▸ **EXERCISE DETAILS**
What is needed is an exact copy of the lines in the listing below, from the one with "# Parameters (mm, degrees)" up to and including the one with "Rectangle(SKETCH2_W, SKETCH2_H)", with no other lines.

INPUT below:

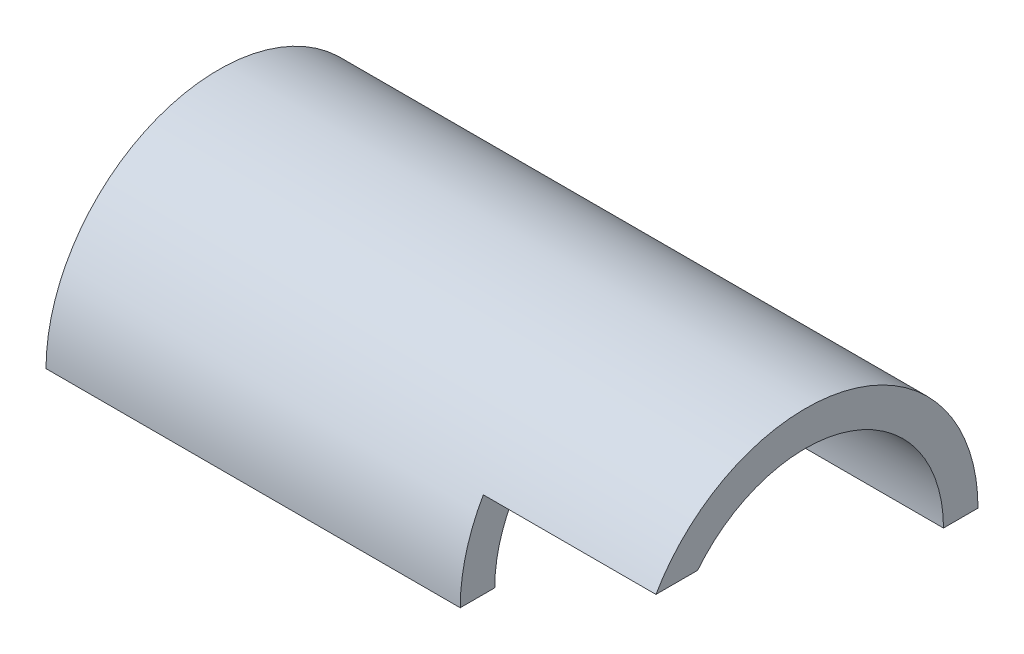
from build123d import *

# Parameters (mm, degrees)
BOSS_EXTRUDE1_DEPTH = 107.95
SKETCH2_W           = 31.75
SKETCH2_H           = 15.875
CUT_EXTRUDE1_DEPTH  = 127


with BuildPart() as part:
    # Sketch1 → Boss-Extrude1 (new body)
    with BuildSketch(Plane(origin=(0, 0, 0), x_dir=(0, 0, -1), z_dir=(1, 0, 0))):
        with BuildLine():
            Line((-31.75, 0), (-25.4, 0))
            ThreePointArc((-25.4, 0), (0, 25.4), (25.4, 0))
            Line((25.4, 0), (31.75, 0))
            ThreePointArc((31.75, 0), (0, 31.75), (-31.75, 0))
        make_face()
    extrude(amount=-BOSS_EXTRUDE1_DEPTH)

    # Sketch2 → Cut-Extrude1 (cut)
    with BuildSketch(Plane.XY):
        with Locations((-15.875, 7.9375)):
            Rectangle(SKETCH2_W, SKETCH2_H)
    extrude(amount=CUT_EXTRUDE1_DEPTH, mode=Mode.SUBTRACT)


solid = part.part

End of INPUT.

▸ **OUTPUT**
# Parameters (mm, degrees)
BOSS_EXTRUDE1_DEPTH = 107.95
SKETCH2_W           = 31.75
SKETCH2_H           = 15.875
CUT_EXTRUDE1_DEPTH  = 127


with BuildPart() as part:
    # Sketch1 → Boss-Extrude1 (new body)
    with BuildSketch(Plane(origin=(0, 0, 0), x_dir=(0, 0, -1), z_dir=(1, 0, 0))):
        with BuildLine():
            Line((-31.75, 0), (-25.4, 0))
            ThreePointArc((-25.4, 0), (0, 25.4), (25.4, 0))
            Line((25.4, 0), (31.75, 0))
            ThreePointArc((31.75, 0), (0, 31.75), (-31.75, 0))
        make_face()
    extrude(amount=-BOSS_EXTRUDE1_DEPTH)

    # Sketch2 → Cut-Extrude1 (cut)
    with BuildSketch(Plane.XY):
        with Locations((-15.875, 7.9375)):
            Rectangle(SKETCH2_W, SKETCH2_H)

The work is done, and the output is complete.